Саквояж и всё-всё-всё. Всё, что было в саквояже - страница 35
«Механизм часовой – он что твоя судьба человеческая, – любил приговаривать старик, обращаясь не то к собеседнику, не то к очередной шестерёнке. – Каждое колёсико, каждая пружинка своё место знать должны и в свой черёд сработать. А ежели когда что-то не так пойдёт – вся жизнь наперекосяк».
Особенно же гордился Антон Степанович своими «музыкальными» часами. В них он, словно композитор, устанавливал миниатюрные музыкальные механизмы собственной, им же и выдуманной конструкции.

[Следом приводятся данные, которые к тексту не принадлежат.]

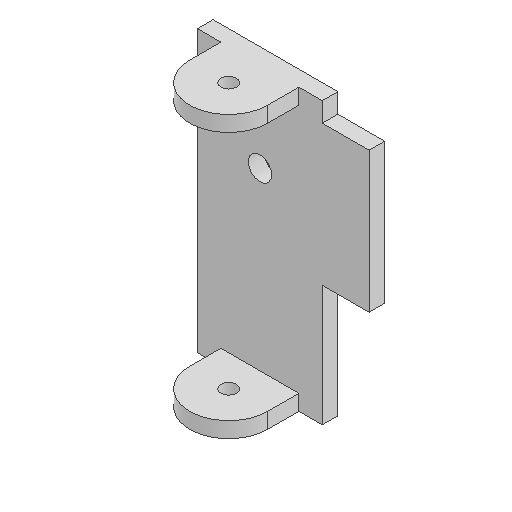
# Autodesk Inventor part: wheel_braket_front
Saved by Autodesk Inventor 2025.2 (Build 292293000, 293)
## iProperties
Created: 2024-02-12
Part Number: wheel_braket_front
Material: 일반
Document SubType Name: Modeling
Designer: ps737
Density: 1 g/cm^3
Appearance: 기본값
Author: ps737
Autodesk Inventor part; units mm, degrees
ref_plane "YZ Plane" through (0, 0, 0) normal (1, 0, 0) x (0, 1, 0)
ref_plane "XZ Plane" through (0, 0, 0) normal (0, 1, 0) x (-1, 0, 0)
ref_plane "XY Plane" through (0, 0, 0) normal (0, 0, 1) x (1, 0, 0)
sketch "스케치1" plane through (0, 0, 0) normal (0, 0, 1) x (1, 0, 0)
  line L0 (80, -122.5) -> (0, -122.5)
  line L1 (80, 45) -> (110, 45)
  line L2 (110, 45) -> (110, -45)
  line L3 (110, -45) -> (80, -45)
  line L4 (80, 57.5) -> (80, 45)
  line L5 (80, -45) -> (80, -122.5)
  line L6 (40, 57.5) -> (40, -122.5)
  circle A0 centre (40, 47.0427) radius 7.5
  circle A1 centre (-7.0427, 0) radius 7.5
  circle A2 centre (40, -47.0427) radius 7.5
  circle A3 centre (87.0427, 0) radius 7.5
  circle A4 centre (40, 0) radius 7.5
  line L7 (0, 57.5) -> (80, 57.5)
  line L8 (0, 0) -> (0, 57.5)
  line L9 (0, 0) -> (0, -122.5)
  dimension "d0" = 80
  dimension "d3" = 45
  dimension "d4" = 45
  dimension "d13" = 360
  dimension "d14" = 0
  dimension "d15" = 47.0427
  dimension "d16" = 47.0427
  dimension "d21" = 15
  dimension "d31" = 122.5
  dimension "d36" = 12.5
  dimension "d37" = 30
  constraints: 20 end point, 5 centre point, 5 perpendicular, 2 coincident, 2 midpoint, 1 horizontal, 1 vertical, 9 other
  measures "d0" distance of L0.start L0.end
  measures "d3" distance from line of point (0, 0) L1
  measures "d4" distance from line of point (0, 0) L3
  measures "d14" distance from line of L6 A0.centre
  measures "d15" vertical distance of point (0, 0) A0.centre
  measures "d16" vertical distance of L8.start A2.centre
  measures "d21" diameter of A4
  measures "d31" distance from line of L0 point (0, 0)
  measures "d36" distance between parallel lines of L1 L7
  measures "d37" distance between parallel lines of L2 L5
extrude "돌출1" add sketch "스케치1" against normal blind 10 contours L0 L6 A2 A4 A0 L7 L4 L1 L2 L3 L5 | L0 L9 A1 L8 L7 L6 A0 A4 A2 | A2 L6 | L6 A2 | L9 L8 A1 | A4 L6 | L6 A4 | A0 L6 | L6 A0 | A3 picked at (0.0843, 1.4393)
extrude "돌출3" cut sketch "스케치1" against normal blind 40 contours A4 L6 | L6 A4
sketch "스케치2" plane through (0, -122.5, 0) normal (0, -1, 0) x (1, 0, 0)
  line L0 (0, 0) -> (80, 0) projected
  line L1 (15, 0) -> (15, 20)
  line L2 (15, 20) -> (65, 20)
  line L3 (65, 20) -> (65, 0)
  arc A0 (65, 20) -> (15, 20) centre (40, 20) ccw
  circle A1 centre (40, 20) radius 5
  point P0 (40, 0)
  dimension "d24" = 20
  dimension "d25" = 50
  dimension "d26" = 25
  dimension "d28" = 10
  constraints: 6 end point, 2 centre point, 2 midpoint, 2 perpendicular, 2 point on circle, 2 point on line, 1 coincident, 1 vertical
  measures "d24" distance between parallel lines of L0 L2
  measures "d25" distance between parallel lines of L3 L1
  measures "d26" distance from line of point (40, 0) L1
  measures "d28" diameter of A1
extrude "돌출4" add sketch "스케치2" against normal blind 10 contours L1 L2 A1 L3 L0 | A0 L2 A1
sketch "스케치3" plane through (0, 57.5, 0) normal (0, 1, 0) x (1, 0, 0)
  line L0 (15, 0) -> (15, -20) projected
  line L1 (65, -20) -> (65, 0) projected
  arc A0 (15, -20) -> (65, -20) centre (40, -20) ccw projected
  circle A1 centre (40, -20) radius 5 projected
  line L2 (80, 0) -> (0, 0) projected
extrude "돌출5" add sketch "스케치3" against normal blind 10
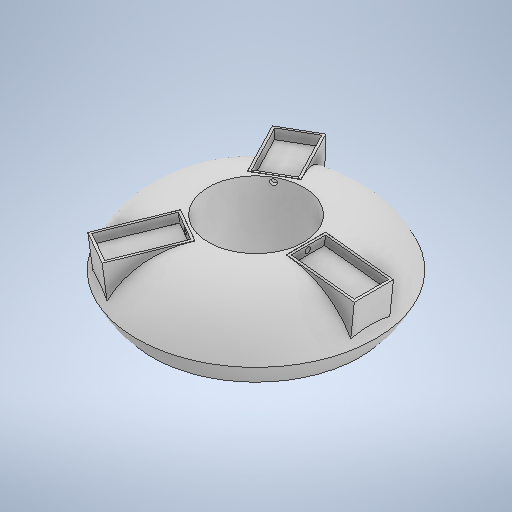
# Autodesk Inventor part: Water Sensor Bouy
Saved by Autodesk Inventor 2025 (Build 290162000, 162)
## iProperties
Created: 2024-06-17
Part Number: Water Sensor Bouy
Material: Generic
Document SubType Name: Modeling
Designer: track
Density: 1 g/cm^3
Appearance: Default
Author: track
## iProperties of the stored document Water Sensor Bouy_3DPrint.ipt
Created: 2024-06-17
Part Number: Water Sensor Bouy_3DPrint
Material: Generic
Document SubType Name: Modeling
Designer: track
Density: 1 g/cm^3
Appearance: Default
Author: track
Autodesk Inventor part; units mm, degrees
ref_plane "YZ Plane" through (0, 0, 0) normal (1, 0, 0) x (0, 1, 0)
ref_plane "XZ Plane" through (0, 0, 0) normal (0, 1, 0) x (-1, 0, 0)
ref_plane "XY Plane" through (0, 0, 0) normal (0, 0, 1) x (1, 0, 0)
sketch "Sketch1" plane through (0, 0, 0) normal (0, 0, 1) x (1, 0, 0)
  line L0 (0, 0) -> (0, 76.2)
  line L1 (50.7, 0) -> (50.7, 101.6)
  line L2 (50.7, 50.8) -> (126.9, 50.8)
  arc A0 (126.9, 50.8) -> (50.7, 101.6) centre (50.7, 19.05) ccw
  arc A1 (50.7, 0) -> (126.9, 50.8) centre (50.7, 82.55) ccw
  line L3 (50.7, 25.4) -> (110.2683, 25.4)
  line L4 (60.7, 90.9075) -> (60.7, 10.6925)
  arc A2 (60.7, 10.6925) -> (115.9337, 50.8) centre (50.7, 82.55) ccw
  arc A3 (115.9337, 50.8) -> (60.7, 90.9075) centre (50.7, 19.05) ccw
  line L5 (60.7, 31.75) -> (102.4964, 31.75)
  point P0 (60.7, 50.8)
  point P1 (60.7, 25.4)
  dimension "d0" = 101.6
  dimension "d1" = 50.7
  dimension "d2" = 50.8
  dimension "d3" = 0
  dimension "d4" = 76.2
  dimension "d24" = 82.55
  dimension "d27" = 25.4
  dimension "d31" = 6.35
  dimension "d33" = 10
  constraints: 12 end point, 10 point on circle, 4 centre point, 4 point on line, 2 horizontal, 2 vertical, 1 midpoint, 1 parallel, 2 other
  measures "d0" distance of L1.start L1.end
  measures "d1" distance between parallel lines of L1 L0
  measures "d2" distance from line of L1.end L2
  measures "d3" vertical distance of L0.start L1.start
  measures "d4" distance of L2.start L2.end
  measures "d24" radius of A0
  measures "d27" distance from line of L1.start L3
  measures "d31" distance between parallel lines of L3 L5
  measures "d33" distance between parallel lines of L1 L4
revolve "Revolution1" add sketch "Sketch1" angle 360 about axis through (0, 0, 0) along (0, 1, 0) contours L1 L2 L4 L3 | L3 A2 L2 A1 | L1 A0 L2 A3 L4 | L4 L5 A2 L3
sketch "Sketch6" plane through (0, 0, 0) normal (0, 0, 1) x (1, 0, 0)
  arc A0 (126.9, 50.8) -> (50.7, 101.6) centre (50.7, 19.05) ccw projected
  line L0 (50.7, 101.6) -> (-50.7, 101.6) projected
  arc A1 (121.82, 60.96) -> (50.7, 101.6) centre (50.7, 19.05) ccw
  line L1 (59.5439, 101.1249) -> (46.0594, 50.8)
  line L2 (115.9337, 50.8) -> (-115.9337, 50.8) projected
  point P0 (0, 0)
  dimension "d34" = 75
  dimension "d35" = 12.7
  constraints: 4 point on circle, 2 end point, 1 centre point, 1 concentric, 1 point on line
  measures "d34" angle of L2 L1
  measures "d35" distance from line of A0.centre L1
ref_plane "Work Plane4" through (59.5439, 101.1249, 0) normal (0.1071338, 0.9942446, 0) x (-0.9942446, 0.1071338, 0)
sketch "Sketch7" plane through (59.5439, 101.1249, 0) normal (0.1071338, 0.9942446, 0) x (-0.9942446, 0.1071338, 0)
  line L0 (3.9173, 18.25) -> (-63.5827, 18.25)
  line L1 (-63.5827, 18.25) -> (-63.5827, -18.25)
  line L2 (-63.5827, -18.25) -> (3.9173, -18.25)
  line L3 (3.9173, -18.25) -> (3.9173, 18.25)
  point P0 (48.3673, 0)
  dimension "d36" = 44.45
  dimension "d37" = 36.5
  dimension "d38" = 67.5
  dimension "d39" = 18.25
  constraints: 8 end point, 2 parallel, 1 horizontal, 1 perpendicular
  measures "d36" distance from line of point (48.367, 0) L3
  measures "d37" distance of L2.end L0.start
  measures "d38" distance of L1.end L2.end
  measures "d39" distance from line of point (48.367, 0) L2
extrude "Extrusion2" cut sketch "Sketch7" against normal blind 10
sketch "Sketch8" plane through (59.5439, 101.1249, 0) normal (0.1071338, 0.9942446, 0) x (-0.9942446, 0.1071338, 0)
  line L0 (3.9173, 18.25) -> (3.9173, -18.25) projected
  line L1 (3.9173, 18.25) -> (3.9173, -18.25)
  line L2 (3.9173, -18.25) -> (-63.5827, -18.25)
  line L3 (3.9173, -18.25) -> (-63.5827, -18.25)
  line L4 (-63.5827, -18.25) -> (-63.5827, 18.25)
  line L5 (-63.5827, 18.25) -> (3.9173, 18.25)
  line L6 (6.4573, -20.79) -> (6.4573, 20.79)
  line L7 (6.4573, 20.79) -> (-66.1227, 20.79)
  line L8 (-66.1227, 20.79) -> (-66.1227, -20.79)
  line L9 (6.4573, -20.79) -> (-66.1227, -20.79)
  point P0 (48.3673, 0)
  dimension "d42" = 67.5
  dimension "d43" = 2.54
  dimension "d45" = 2.54
  constraints: 18 end point, 4 perpendicular, 1 collinear, 1 parallel, 2 other
  measures "d42" distance of L4.end L0.start
  measures "d43" distance between parallel lines of L2 L9
  measures "d45" distance between parallel lines of L7 L5
extrude "Extrusion3" add sketch "Sketch8" against normal up to surface
sketch "Sketch9" plane through (58.4726, 91.1824, 0) normal (0.1071338, 0.9942446, 0) x (0.9942446, -0.1071338, 0)
  line L0 (63.5827, 18.25) -> (63.5827, -18.25) projected
  line L1 (-3.9173, -18.25) -> (-3.9173, 18.25) projected
  line L2 (63.5827, -18.25) -> (-3.9173, -18.25)
  line L3 (-3.9173, -18.25) -> (-3.9173, 18.25)
  line L4 (-3.9173, 18.25) -> (63.5827, 18.25)
  line L5 (63.5827, 18.25) -> (63.5827, -18.25)
  point P0 (-48.3673, 0)
  point P1 (-3.9173, -18.25)
  point P2 (63.5827, 18.25)
  constraints: 8 end point, 2 parallel, 1 horizontal, 1 perpendicular
extrude "Extrusion4" add sketch "Sketch9" against normal blind 10
pattern_circular "Circular Pattern1" count 3 over 360 about axis through (0, 19.05, 0) along (0, 1, 0) of "Extrusion2", "Extrusion3", "Extrusion4"
sketch "Sketch11" plane through (0, 25.4, 0) normal (0, -1, 0) x (1, 0, 0)
  circle A0 centre (76.9897, -44.45) radius 3.81
  circle A1 centre (76.9897, -44.45) radius 3.81 projected
  point P0 (0, 0)
  constraints: 2 concentric, 1 centre point
extrude "Extrusion6" cut sketch "Sketch11" against normal blind 11
sketch "Sketch12" plane through (54.5778, 91.6021, 18.25) normal (0.9942446, -0.1071338, 0) x (0, 0, -1)
  circle A0 centre (18.25, 5) radius 3
  line L0 (0, 10) -> (36.5, 10) projected
  point P0 (18.25, -96.922)
  dimension "d63" = 5
  dimension "d64" = 6
  dimension "d65" = 18.25
  constraints: 1 centre point
  measures "d63" distance from line of L0 A0.centre
  measures "d64" diameter of A0
  measures "d65" horizontal distance of L0.end A0.centre
extrude "Extrusion7" cut sketch "Sketch12" against normal up to surface round surface about axis through (0, 63.5, 0) along (0, 1, 0) radius 50.7 far side no
pattern_circular "Circular Pattern2" count 3 over 360 about axis through (0, 63.5, 0) along (0, 1, 0) of "Extrusion7"
pattern_circular "Circular Pattern3" count 3 over 360 about axis through (0, 63.5, 0) along (0, 1, 0) of "Extrusion6"
body "Solid1"

В назначенный час они вдруг начинали играть старинные французские мелодии, тоненько и чуть печально, напоминавшие ему о далёкой, почти стёршейся из памяти родине.
Был у него и особый, главный заказ – часы для городской башни. Три года, не разгибая спины, трудился над ними мастер, создавая сложнейший, немыслимый механизм с двенадцатью движущимися фигурами. В полдень и в полночь на маленьком башенном балконе появлялись апостолы, чинно благословляющие город, а куранты, прежде чем отбить время, играли гимн Бортнянского «Коль славен наш Господь в Сионе».
Но самой большой, самой будоражащей воображение загадкой оставались его напольные часы. Каждые, как уверяла молва, имели свой секрет, свою потаённую историю. Говорили, будто в одних были спрятаны старинные документы, способные перевернуть чью-то судьбу; в других – драгоценности, припрятанные от лихого времени; а в-третьих – и вовсе зашифрованные послания, ключ к которым давно утерян.
«Время хранит много тайн, – усмехался Антон Степанович в свои пышные седые усы. – И каждому секрету своё время для открытия положено».
Весной 1875 года, когда город уже вовсю утопал в липкой зелени и пах черёмухой, Антон Степанович слёг. Умер тихо, без мучений, во сне. Словно остановились старые, им же и заведённые часы, точно отмерив отпущенный им срок.
Хоронил его, кажется, весь город. И по сей день живёт в памяти горожан образ старого часовщика – человека, который научился управлять временем, но сам, как и все мы, в итоге покорился его неумолимому, всесокрушающему бегу. И каждый раз, когда над площадью разносится звон курантов, самым впечатлительным кажется, что это сам Антон Степанович вежливо напоминает нам: время течёт, как река, унося с собой людей и события, но оставляя в веках память о тех, кто сумел наполнить его особым, не вполне объяснимым смыслом.
История, конечно, красивая. Хоть сейчас в глянцевый журнал для местных туристов. Только вот нам от неё, как говорится, ни жарко ни холодно.
– Это всё прекрасно, – задумчиво произнёс я. – Но что нам делать дальше? Здесь нет ни замка, ни тем более ключа, ни-че-го. Пусто.
Я с преувеличенным вниманием изучал гладкую бронзовую дверцу с зеркалом, пока Дарья, не разделяя моего уныния, продолжала скроллить что-то в телефоне, читая о часовщике.
– Послушайте, Виктор, а вот тут весьма интересно, – она наконец подняла глаза от экрана, и в них блеснул огонёк азарта. – В биографии Леморжа, ну, в одной из сетевых версий, упоминается, что он обожал симметрию и считал её, цитирую, «божественным проявлением гармонии в механике».
– Симметрию? – я машинально провёл пальцем по холодной грани зеркала. – А ведь и правда… Посмотрите на этот узор вокруг: левая сторона в точности, до последней завитушки, повторяет правую. Как отражение.
Дарья отложила телефон на край стола и встала рядом со мной у массивного корпуса часов.
– Знаете, что меня смущает во всей этой истории? – сказала она, понизив голос. – Зачем здесь вообще это зеркало? Казалось бы, просто декоративный элемент, украшение с гравировкой… но вы же слышали: у Леморжа ничего не могло быть «просто так».